* [Work to complete]
Your answer consists of the lines in the data that contain "name". Copy each of them.

....

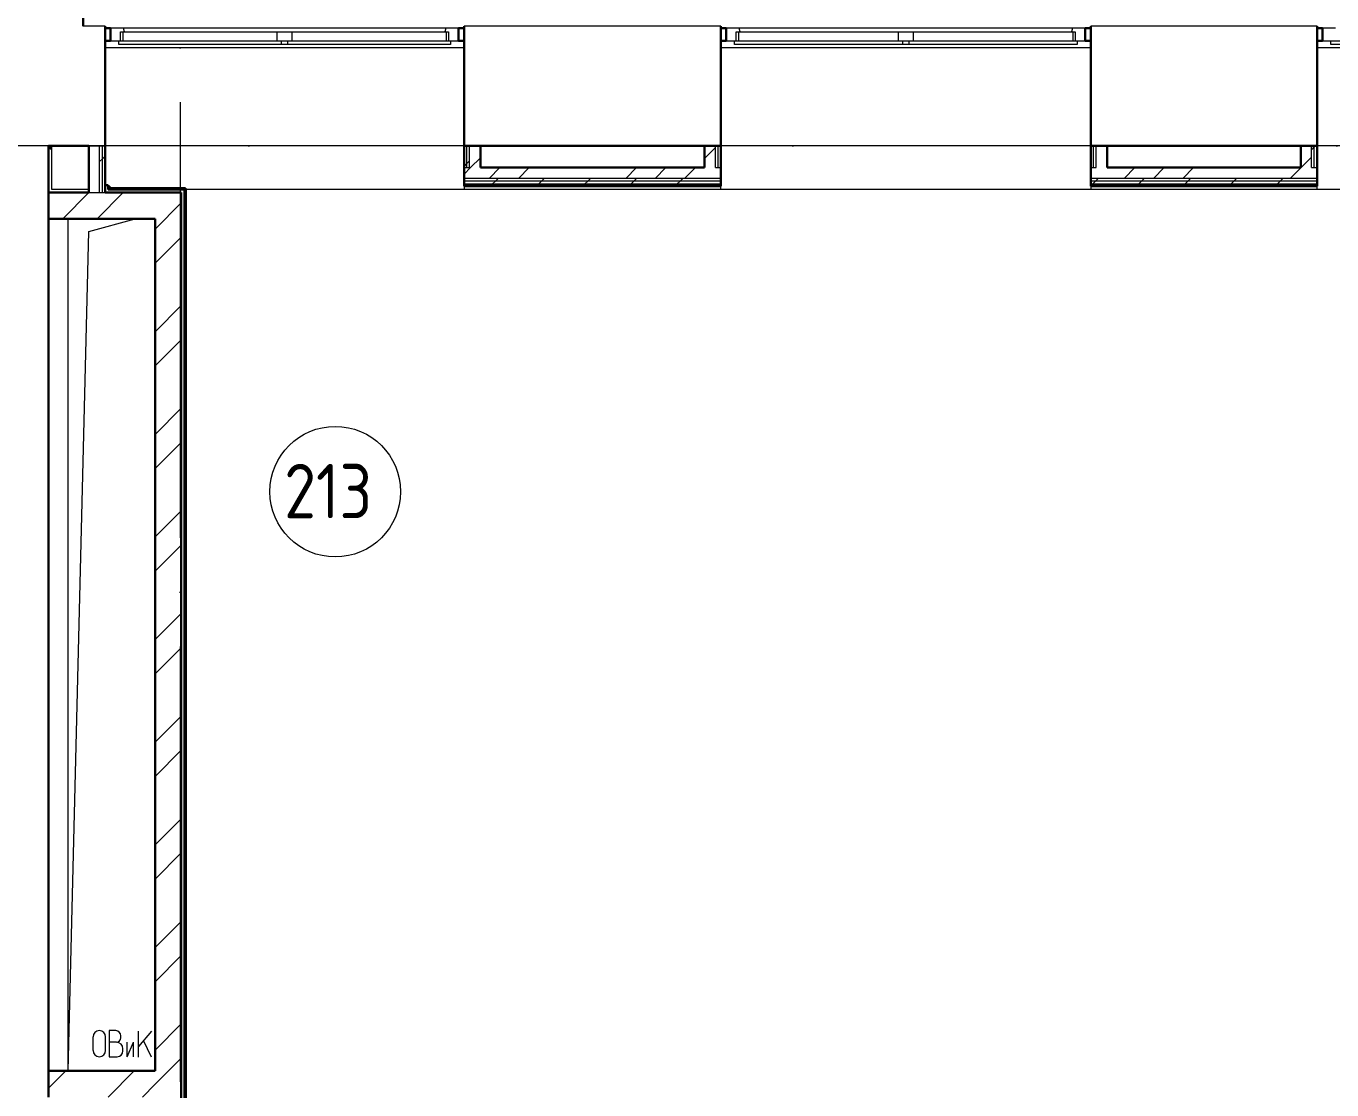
# Model space of a CAD drawing. Header units: millimetres. Extents: x -88595 to 880822, y -1054509 to -148035.
# Drawn here: x 289455 to 295456, y -272389 to -267502 of the extents above; entities that cross this region are included whole.
import ezdxf

# ---------------------------------------------------------------- set-up
doc = ezdxf.new("R2010")
doc.units = ezdxf.units.MM
doc.linetypes.add('ADSK_Линия сетки', pattern=[25, 20, -2.5, 0, -2.5])
for name, color, linetype, lineweight in [('_ Окна', 7, 'Continuous', 30), ('Марки помещений', 7, 'Continuous', 20), ('Оборудование', 7, 'Continuous', 18), ('Ограждение', 7, 'Continuous', 9), ('Окна', 7, 'Continuous', 9), ('Оси', 7, 'Continuous', 9), ('Перекрытие', 7, 'Continuous', 18), ('Стены внутренние', 7, 'Continuous', 18), ('Стены наружные', 7, 'Continuous', 18), ('Стены штриховка', 7, 'Continuous', 9)]:
    doc.layers.add(name, color=color, linetype=linetype, lineweight=lineweight)
doc.styles.add('GOST Common_2', font='GOST_Common.ttf', dxfattribs={"width": 0.9, "height": 350})

# ---------------------------------------------------------------- blocks, each defined once
blk = doc.blocks.new('2 этаж')
at = {"lineweight": 18}
for p, q in [((318982.5, 655506.5), (318982.5, 659421.5)), ((319077.5, 659363.4), (319290.8, 659421.5)), ((318982.5, 655506.5), (319077.5, 659363.4)), ((319201.4, 655691.8), (319171.4, 655691.8)), ((319171.4, 655691.8), (319171.4, 655571.8)), ((319365.5, 655689.8), (319305.5, 655618.3)), ((319305.5, 655569.8), (319305.5, 655689.8)), ((319097.2, 655600.5), (319097.2, 655663.1)), ((319154.5, 655600.5), (319154.5, 655663.1)), ((319204.7, 655638.5), (319171.4, 655638.5)), ((319224.7, 655658.5), (319224.7, 655668.5)), ((319253.8, 655571.8), (319282.5, 655638.5)), ((319253.8, 655571.8), (319253.8, 655638.5)), ((319282.5, 655571.8), (319282.5, 655638.5)), ((319365.5, 655569.8), (319329.6, 655646.9)), ((319171.4, 655571.8), (319208, 655571.8)), ((319234.7, 655598.5), (319234.7, 655608.5))]:
    blk.add_line(p, q, dxfattribs=at)
for centre, radius, start, end in [((319125.9, 655663.1), 28.7, 0, 180), ((319201.4, 655668.5), 23.3, 0, 90), ((319204.7, 655658.5), 20, 270, 0), ((319204.7, 655608.5), 30, 0, 90), ((319125.9, 655600.5), 28.7, 180, 0), ((319208, 655598.5), 26.7, 270, 0)]:
    blk.add_arc(centre, radius, start, end, dxfattribs=at)
at = {"layer": '_ Окна'}
for p, q in [((319177.5, 660296.5), (319152.5, 660296.5)), ((319177.5, 660238.5), (319177.5, 660296.5)), ((320802.5, 660296.5), (320777.5, 660296.5)), ((320777.5, 660296.5), (320777.5, 660238.5)), ((322007.5, 660296.5), (321982.5, 660296.5)), ((322007.5, 660238.5), (322007.5, 660296.5)), ((323682.5, 660296.5), (323657.5, 660296.5)), ((323657.5, 660296.5), (323657.5, 660238.5)), ((324747.5, 660296.5), (324722.5, 660296.5)), ((324747.5, 660238.5), (324747.5, 660296.5)), ((319152.5, 660238.5), (319177.5, 660238.5)), ((320777.5, 660238.5), (320802.5, 660238.5)), ((321982.5, 660238.5), (322007.5, 660238.5)), ((323657.5, 660238.5), (323682.5, 660238.5)), ((324722.5, 660238.5), (324747.5, 660238.5))]:
    blk.add_line(p, q, dxfattribs=at)
at = {"layer": '_ Окна', "lineweight": 18}
for p, q in [((319236.9, 660296.5), (319177.5, 660296.5)), ((319177.5, 660296.5), (319177.5, 660238.5)), ((319241.5, 660279.5), (319236.9, 660296.5)), ((320718.1, 660296.5), (320713.5, 660279.5)), ((320777.5, 660296.5), (320718.1, 660296.5)), ((320777.5, 660238.5), (320777.5, 660296.5)), ((322066.9, 660296.5), (322007.5, 660296.5)), ((322007.5, 660296.5), (322007.5, 660238.5)), ((322071.5, 660279.5), (322066.9, 660296.5)), ((323598.1, 660296.5), (323593.5, 660279.5)), ((323657.5, 660296.5), (323598.1, 660296.5)), ((323657.5, 660238.5), (323657.5, 660296.5)), ((324806.9, 660296.5), (324747.5, 660296.5)), ((324747.5, 660296.5), (324747.5, 660238.5)), ((319177.5, 660238.5), (319215.5, 660238.5)), ((319223.5, 660238.5), (319223.5, 660279.5)), ((319223.5, 660279.5), (319235.5, 660279.5)), ((320719.5, 660279.5), (320731.5, 660279.5)), ((320731.5, 660279.5), (320731.5, 660238.5)), ((320739.5, 660238.5), (320777.5, 660238.5)), ((322007.5, 660238.5), (322045.5, 660238.5)), ((322053.5, 660238.5), (322053.5, 660279.5)), ((322053.5, 660279.5), (322065.5, 660279.5)), ((323599.5, 660279.5), (323611.5, 660279.5)), ((323611.5, 660279.5), (323611.5, 660238.5)), ((323619.5, 660238.5), (323657.5, 660238.5)), ((324747.5, 660238.5), (324785.5, 660238.5))]:
    blk.add_line(p, q, dxfattribs=at)
at = {"layer": 'Марки помещений'}
blk.add_circle((320210.3, 658167.7), 300, dxfattribs=at)
at = {"layer": 'Ограждение'}
for p, q in [((320802.5, 660206.5), (319152.5, 660206.5)), ((323682.5, 660206.5), (321982.5, 660206.5)), ((326422.5, 660206.5), (324722.5, 660206.5)), ((318907.5, 659556.5), (318907.5, 659756.5)), ((320802.5, 659756.5), (319152.5, 659756.5)), ((323682.5, 659756.5), (321982.5, 659756.5)), ((326422.5, 659756.5), (324722.5, 659756.5)), ((320802.5, 659571.5), (320802.5, 659556.5)), ((321982.5, 659556.5), (321982.5, 659571.5)), ((323682.5, 659571.5), (323682.5, 659556.5)), ((324722.5, 659556.5), (324722.5, 659571.5)), ((319077.5, 659556.5), (318907.5, 659556.5)), ((327367.8, 659556.5), (319522.5, 659556.5)), ((320802.5, 659556.5), (319522.5, 659556.5)), ((319527.5, 654566.5), (319527.5, 659556.5)), ((323682.5, 659556.5), (321982.5, 659556.5)), ((326422.5, 659556.5), (324722.5, 659556.5))]:
    blk.add_line(p, q, dxfattribs=at)
at = {"layer": 'Окна'}
for p, q in [((320718.1, 660296.5), (319236.9, 660296.5)), ((323598.1, 660296.5), (322066.9, 660296.5)), ((319215.5, 660238.5), (319962.5, 660238.5)), ((319215.5, 660221.5), (319215.5, 660238.5)), ((319235.5, 660279.5), (319942.5, 660279.5)), ((319235.5, 660238.5), (319235.5, 660279.5)), ((319942.5, 660279.5), (320012.5, 660279.5)), ((319942.5, 660279.5), (319942.5, 660238.5)), ((319962.5, 660238.5), (319992.5, 660238.5)), ((319962.5, 660238.5), (319962.5, 660221.5)), ((319992.5, 660238.5), (320739.5, 660238.5)), ((319992.5, 660221.5), (319992.5, 660238.5)), ((320012.5, 660279.5), (320719.5, 660279.5)), ((320012.5, 660238.5), (320012.5, 660279.5)), ((320719.5, 660279.5), (320719.5, 660238.5)), ((320739.5, 660238.5), (320739.5, 660221.5)), ((322045.5, 660238.5), (322817.5, 660238.5)), ((322045.5, 660221.5), (322045.5, 660238.5)), ((322065.5, 660279.5), (322797.5, 660279.5)), ((322065.5, 660238.5), (322065.5, 660279.5)), ((322797.5, 660279.5), (322867.5, 660279.5)), ((322797.5, 660279.5), (322797.5, 660238.5)), ((322817.5, 660238.5), (322847.5, 660238.5)), ((322817.5, 660238.5), (322817.5, 660221.5)), ((322847.5, 660238.5), (323619.5, 660238.5)), ((322847.5, 660221.5), (322847.5, 660238.5)), ((322867.5, 660279.5), (323599.5, 660279.5)), ((322867.5, 660238.5), (322867.5, 660279.5)), ((323599.5, 660279.5), (323599.5, 660238.5)), ((323619.5, 660238.5), (323619.5, 660221.5)), ((324785.5, 660238.5), (325557.5, 660238.5)), ((324785.5, 660221.5), (324785.5, 660238.5)), ((319962.5, 660221.5), (319215.5, 660221.5)), ((319992.5, 660221.5), (319962.5, 660221.5)), ((320739.5, 660221.5), (319992.5, 660221.5)), ((322817.5, 660221.5), (322045.5, 660221.5)), ((322847.5, 660221.5), (322817.5, 660221.5)), ((323619.5, 660221.5), (322847.5, 660221.5)), ((325557.5, 660221.5), (324785.5, 660221.5))]:
    blk.add_line(p, q, dxfattribs=at)
at = {"layer": 'Оси', "linetype": 'ADSK_Линия сетки', "ltscale": 100}
for p, q in [((319497.5, 662456.5), (319497.5, 631330.4)), ((364564.8, 659756.5), (287587.4, 659756.5))]:
    blk.add_line(p, q, dxfattribs=at)
at = {"layer": 'Перекрытие', "color": 49, "ltscale": 100, "true_color": 0x464646}
blk.add_line((318982.5, 655506.5), (318982.5, 659421.5), dxfattribs=at)
at = {"layer": 'Стены внутренние', "lineweight": 30}
for p, q in [((319052.5, 660306.5), (319052.5, 660458.5)), ((319152.5, 659756.5), (319152.5, 660306.5)), ((320802.5, 660306.5), (320802.5, 659756.5)), ((321982.5, 659756.5), (321982.5, 660306.5)), ((323682.5, 660306.5), (323682.5, 659756.5)), ((324722.5, 659756.5), (324722.5, 660306.5)), ((319077.5, 659756.5), (318892.5, 659756.5)), ((318892.5, 659541.5), (318892.5, 659756.5)), ((320877.5, 659756.5), (321907.5, 659756.5)), ((323757.5, 659756.5), (324647.5, 659756.5)), ((318892.5, 655506.5), (318892.5, 659421.5))]:
    blk.add_line(p, q, dxfattribs=at)
at = {"layer": 'Стены внутренние'}
for p, q in [((319152.5, 660306.5), (319052.5, 660306.5)), ((321982.5, 660306.5), (320802.5, 660306.5)), ((324722.5, 660306.5), (323682.5, 660306.5)), ((319077.5, 659756.5), (319152.5, 659756.5))]:
    blk.add_line(p, q, dxfattribs=at)
at = {"layer": 'Стены наружные'}
for p in [(318900, 659756.5), (318907.5, 659741.5)]:
    blk.add_line(p, (318900, 659741.5), dxfattribs=at)
at = {"layer": 'Стены наружные', "lineweight": 30}
for p, q in [((319077.5, 659756.5), (319077.5, 659541.5)), ((319152.5, 659756.5), (319152.5, 659541.5)), ((320802.5, 659756.5), (320802.5, 659571.5)), ((320877.5, 659756.5), (320802.5, 659756.5)), ((320877.5, 659656.5), (320877.5, 659756.5)), ((321907.5, 659756.5), (321907.5, 659656.5)), ((321982.5, 659756.5), (321907.5, 659756.5)), ((321982.5, 659571.5), (321982.5, 659756.5)), ((323682.5, 659756.5), (323682.5, 659571.5)), ((323757.5, 659756.5), (323682.5, 659756.5)), ((323757.5, 659656.5), (323757.5, 659756.5)), ((324647.5, 659756.5), (324647.5, 659656.5)), ((324722.5, 659756.5), (324647.5, 659756.5)), ((324722.5, 659571.5), (324722.5, 659756.5)), ((321907.5, 659656.5), (320877.5, 659656.5)), ((324647.5, 659656.5), (323757.5, 659656.5)), ((319167.5, 659576.5), (319152.5, 659576.5)), ((319167.5, 659576.5), (319167.5, 659556.5)), ((319172.5, 659571.5), (319167.5, 659571.5)), ((319172.5, 659561.5), (319172.5, 659571.5)), ((320802.5, 659571.5), (321982.5, 659571.5)), ((323682.5, 659571.5), (324722.5, 659571.5)), ((319077.5, 659541.5), (318892.5, 659541.5)), ((318892.5, 659541.5), (318892.5, 659421.5)), ((319502.5, 659541.5), (319152.5, 659541.5)), ((319517.5, 659556.5), (319167.5, 659556.5)), ((319522.5, 659561.5), (319172.5, 659561.5)), ((319502.5, 654566.5), (319502.5, 659541.5)), ((319517.5, 654566.5), (319517.5, 659556.5)), ((319522.5, 654566.5), (319522.5, 659561.5)), ((318892.5, 659421.5), (319382.5, 659421.5)), ((319382.5, 659421.5), (319382.5, 655506.5)), ((319382.5, 655506.5), (318892.5, 655506.5)), ((318892.5, 655506.5), (318892.5, 655386.5))]:
    blk.add_line(p, q, dxfattribs=at)
at = {"layer": 'Стены наружные', "linetype": 'Continuous', "lineweight": 9}
for p, q in [((324710, 659751.4), (324715.1, 659756.5)), ((319127.5, 659684.4), (319140, 659696.9)), ((319140, 659696.9), (319152.5, 659709.4)), ((320832.2, 659656.5), (320877.5, 659701.8)), ((321907.5, 659698.6), (321957.5, 659748.6)), ((324648.8, 659656.5), (324697.5, 659705.2)), ((324697.5, 659738.9), (324710, 659751.4)), ((320802.5, 659662.3), (320815, 659674.8)), ((320802.5, 659626.8), (320832.2, 659656.5)), ((320815, 659674.8), (320827.5, 659687.3)), ((320917.1, 659606.5), (320967.1, 659656.5)), ((321052, 659606.5), (321102, 659656.5)), ((321545.5, 659606.5), (321595.5, 659656.5)), ((321680.4, 659606.5), (321730.4, 659656.5)), ((321815.4, 659606.5), (321865.4, 659656.5)), ((323835.5, 659606.5), (323885.5, 659656.5)), ((323970.4, 659606.5), (324020.4, 659656.5)), ((324105.3, 659606.5), (324155.3, 659656.5)), ((324598.8, 659606.5), (324648.8, 659656.5)), ((320853.1, 659571.5), (320858.1, 659576.5)), ((320923.8, 659571.5), (320928.8, 659576.5)), ((320933.8, 659581.5), (320946.3, 659594)), ((320946.3, 659594), (320958.8, 659606.5)), ((320994.5, 659571.5), (320999.5, 659576.5)), ((321065.2, 659571.5), (321070.2, 659576.5)), ((321136, 659571.5), (321141, 659576.5)), ((321141, 659576.5), (321146, 659581.5)), ((321146, 659581.5), (321158.5, 659594)), ((321158.5, 659594), (321171, 659606.5)), ((321206.7, 659571.5), (321211.7, 659576.5)), ((321277.4, 659571.5), (321282.4, 659576.5)), ((321348.1, 659571.5), (321353.1, 659576.5)), ((321358.1, 659581.5), (321370.6, 659594)), ((321370.6, 659594), (321383.1, 659606.5)), ((321418.8, 659571.5), (321423.8, 659576.5)), ((321489.5, 659571.5), (321494.5, 659576.5)), ((321560.2, 659571.5), (321565.2, 659576.5)), ((321565.2, 659576.5), (321570.2, 659581.5)), ((321570.2, 659581.5), (321582.7, 659594)), ((321582.7, 659594), (321595.2, 659606.5)), ((321630.9, 659571.5), (321635.9, 659576.5)), ((321701.6, 659571.5), (321706.6, 659576.5)), ((321772.4, 659571.5), (321777.4, 659576.5)), ((321782.4, 659581.5), (321794.9, 659594)), ((321794.9, 659594), (321807.4, 659606.5)), ((321843.1, 659571.5), (321848.1, 659576.5)), ((321913.8, 659571.5), (321918.8, 659576.5)), ((323682.5, 659572.5), (323686.5, 659576.5)), ((323686.5, 659576.5), (323691.5, 659581.5)), ((323691.5, 659581.5), (323704, 659594)), ((323704, 659594), (323716.5, 659606.5)), ((323752.2, 659571.5), (323757.2, 659576.5)), ((323823, 659571.5), (323828, 659576.5)), ((323893.7, 659571.5), (323898.7, 659576.5)), ((323903.7, 659581.5), (323916.2, 659594)), ((323916.2, 659594), (323928.7, 659606.5)), ((323964.4, 659571.5), (323969.4, 659576.5)), ((324035.1, 659571.5), (324040.1, 659576.5)), ((324105.8, 659571.5), (324110.8, 659576.5)), ((324110.8, 659576.5), (324115.8, 659581.5)), ((324115.8, 659581.5), (324128.3, 659594)), ((324128.3, 659594), (324140.8, 659606.5)), ((324176.5, 659571.5), (324181.5, 659576.5)), ((324247.2, 659571.5), (324252.2, 659576.5)), ((324317.9, 659571.5), (324322.9, 659576.5)), ((324327.9, 659581.5), (324340.4, 659594)), ((324340.4, 659594), (324352.9, 659606.5)), ((324388.6, 659571.5), (324393.6, 659576.5)), ((324459.4, 659571.5), (324464.4, 659576.5)), ((324530.1, 659571.5), (324535.1, 659576.5)), ((324535.1, 659576.5), (324540.1, 659581.5)), ((324540.1, 659581.5), (324552.6, 659594)), ((324552.6, 659594), (324565.1, 659606.5)), ((324600.8, 659571.5), (324605.8, 659576.5)), ((324671.5, 659571.5), (324676.5, 659576.5)), ((318958.5, 659421.5), (319078.5, 659541.5)), ((319115.7, 659421.5), (319235.7, 659541.5)), ((319211.8, 659556.5), (319216.8, 659561.5)), ((319282.5, 659556.5), (319287.5, 659561.5)), ((319353.2, 659556.5), (319358.2, 659561.5)), ((319423.9, 659556.5), (319428.9, 659561.5)), ((319494.6, 659556.5), (319499.6, 659561.5)), ((319517.5, 659508.7), (319522.5, 659513.7)), ((319382.5, 659374), (319502.5, 659494)), ((319517.5, 659438), (319522.5, 659443)), ((319382.5, 659216.9), (319502.5, 659336.9)), ((319517.5, 659367.3), (319522.5, 659372.3)), ((319517.5, 659296.6), (319522.5, 659301.6)), ((319517.5, 659225.8), (319522.5, 659230.8)), ((319517.5, 659155.1), (319522.5, 659160.1)), ((319517.5, 659084.4), (319522.5, 659089.4)), ((319382.5, 658902.6), (319502.5, 659022.6)), ((319517.5, 659013.7), (319522.5, 659018.7)), ((319517.5, 658943), (319522.5, 658948)), ((319382.5, 658745.4), (319502.5, 658865.4)), ((319517.5, 658872.3), (319522.5, 658877.3)), ((319517.5, 658801.6), (319522.5, 658806.6)), ((319517.5, 658730.9), (319522.5, 658735.9)), ((319517.5, 658660.2), (319522.5, 658665.2)), ((319517.5, 658589.4), (319522.5, 658594.4)), ((319382.5, 658431.1), (319502.5, 658551.1)), ((319517.5, 658518.7), (319522.5, 658523.7)), ((319517.5, 658448), (319522.5, 658453)), ((319382.5, 658274), (319502.5, 658394)), ((319517.5, 658377.3), (319522.5, 658382.3)), ((319517.5, 658306.6), (319522.5, 658311.6)), ((319517.5, 658235.9), (319522.5, 658240.9)), ((319517.5, 658165.2), (319522.5, 658170.2)), ((319382.5, 657959.7), (319502.5, 658079.7)), ((319517.5, 658094.5), (319522.5, 658099.5)), ((319517.5, 658023.8), (319522.5, 658028.8)), ((319517.5, 657953.1), (319522.5, 657958.1)), ((319382.5, 657802.5), (319502.5, 657922.5)), ((319517.5, 657882.3), (319522.5, 657887.3)), ((319517.5, 657811.6), (319522.5, 657816.6)), ((319517.5, 657740.9), (319522.5, 657745.9)), ((319517.5, 657670.2), (319522.5, 657675.2)), ((319382.5, 657488.2), (319502.5, 657608.2)), ((319517.5, 657599.5), (319522.5, 657604.5)), ((319517.5, 657528.8), (319522.5, 657533.8)), ((319382.5, 657331), (319502.5, 657451)), ((319517.5, 657458.1), (319522.5, 657463.1)), ((319517.5, 657387.4), (319522.5, 657392.4)), ((319517.5, 657316.7), (319522.5, 657321.7)), ((319517.5, 657245.9), (319522.5, 657250.9)), ((319517.5, 657175.2), (319522.5, 657180.2)), ((319382.5, 657016.7), (319502.5, 657136.7)), ((319517.5, 657104.5), (319522.5, 657109.5)), ((319517.5, 657033.8), (319522.5, 657038.8)), ((319382.5, 656859.6), (319502.5, 656979.6)), ((319517.5, 656963.1), (319522.5, 656968.1)), ((319517.5, 656892.4), (319522.5, 656897.4)), ((319517.5, 656821.7), (319522.5, 656826.7)), ((319517.5, 656751), (319522.5, 656756)), ((319382.5, 656545.3), (319502.5, 656665.3)), ((319517.5, 656680.3), (319522.5, 656685.3)), ((319517.5, 656609.5), (319522.5, 656614.5)), ((319517.5, 656538.8), (319522.5, 656543.8)), ((319382.5, 656388.1), (319502.5, 656508.1)), ((319517.5, 656468.1), (319522.5, 656473.1)), ((319517.5, 656397.4), (319522.5, 656402.4)), ((319517.5, 656326.7), (319522.5, 656331.7)), ((319517.5, 656256), (319522.5, 656261)), ((319382.5, 656073.8), (319502.5, 656193.8)), ((319517.5, 656185.3), (319522.5, 656190.3)), ((319517.5, 656114.6), (319522.5, 656119.6)), ((319382.5, 655916.6), (319502.5, 656036.6)), ((319517.5, 656043.9), (319522.5, 656048.9)), ((319517.5, 655973.2), (319522.5, 655978.2)), ((319517.5, 655902.4), (319522.5, 655907.4)), ((319517.5, 655831.7), (319522.5, 655836.7)), ((319517.5, 655761), (319522.5, 655766)), ((319382.5, 655602.3), (319502.5, 655722.3)), ((319517.5, 655690.3), (319522.5, 655695.3)), ((319517.5, 655619.6), (319522.5, 655624.6)), ((319382.5, 655445.2), (319502.5, 655565.2)), ((319517.5, 655548.9), (319522.5, 655553.9)), ((318892.5, 655426.6), (318972.4, 655506.5)), ((319166.7, 655386.5), (319286.7, 655506.5)), ((319323.8, 655386.5), (319382.5, 655445.2)), ((319517.5, 655478.2), (319522.5, 655483.2))]:
    blk.add_line(p, q, dxfattribs=at)
at = {"layer": 'Стены штриховка'}
for p, q in [((319127.5, 659541.5), (319127.5, 659756.5)), ((319140, 659541.5), (319140, 659756.5)), ((320815, 659656.5), (320815, 659756.5)), ((320827.5, 659656.5), (320827.5, 659756.5)), ((321957.5, 659656.5), (321957.5, 659756.5)), ((321970, 659656.5), (321970, 659756.5)), ((323695, 659656.5), (323695, 659756.5)), ((323707.5, 659656.5), (323707.5, 659756.5)), ((324697.5, 659656.5), (324697.5, 659756.5)), ((324710, 659656.5), (324710, 659756.5)), ((320802.5, 659656.5), (320827.5, 659656.5)), ((321957.5, 659656.5), (321982.5, 659656.5)), ((323682.5, 659656.5), (323707.5, 659656.5)), ((324697.5, 659656.5), (324722.5, 659656.5)), ((321982.5, 659606.5), (320802.5, 659606.5)), ((321982.5, 659594), (320802.5, 659594)), ((320802.5, 659581.5), (321982.5, 659581.5)), ((320802.5, 659576.5), (321982.5, 659576.5)), ((324722.5, 659606.5), (323682.5, 659606.5)), ((324722.5, 659594), (323682.5, 659594)), ((323682.5, 659581.5), (324722.5, 659581.5)), ((323682.5, 659576.5), (324722.5, 659576.5)), ((319077.5, 659541.5), (319152.5, 659541.5))]:
    blk.add_line(p, q, dxfattribs=at)
at = {"layer": 'Марки помещений', "style": 'GOST Common_2', "width": 0.9}
blk.add_text('213', height=250, dxfattribs=at).set_placement((319975.4, 658045.4))

msp = doc.modelspace()

# ---------------------------------------------------------------- block references
at = {"layer": 'Оборудование', "color": 5, "true_color": 0x0000ff}
msp.add_blockref('2 этаж', (-29334.2, -927808.4), dxfattribs=at)

doc.saveas('drawing.dxf')

....

* [Response below]
for name, color, linetype, lineweight in [('_ Окна', 7, 'Continuous', 30), ('Марки помещений', 7, 'Continuous', 20), ('Оборудование', 7, 'Continuous', 18), ('Ограждение', 7, 'Continuous', 9), ('Окна', 7, 'Continuous', 9), ('Оси', 7, 'Continuous', 9), ('Перекрытие', 7, 'Continuous', 18), ('Стены внутренние', 7, 'Continuous', 18), ('Стены наружные', 7, 'Continuous', 18), ('Стены штриховка', 7, 'Continuous', 9)]:
    doc.layers.add(name, color=color, linetype=linetype, lineweight=lineweight)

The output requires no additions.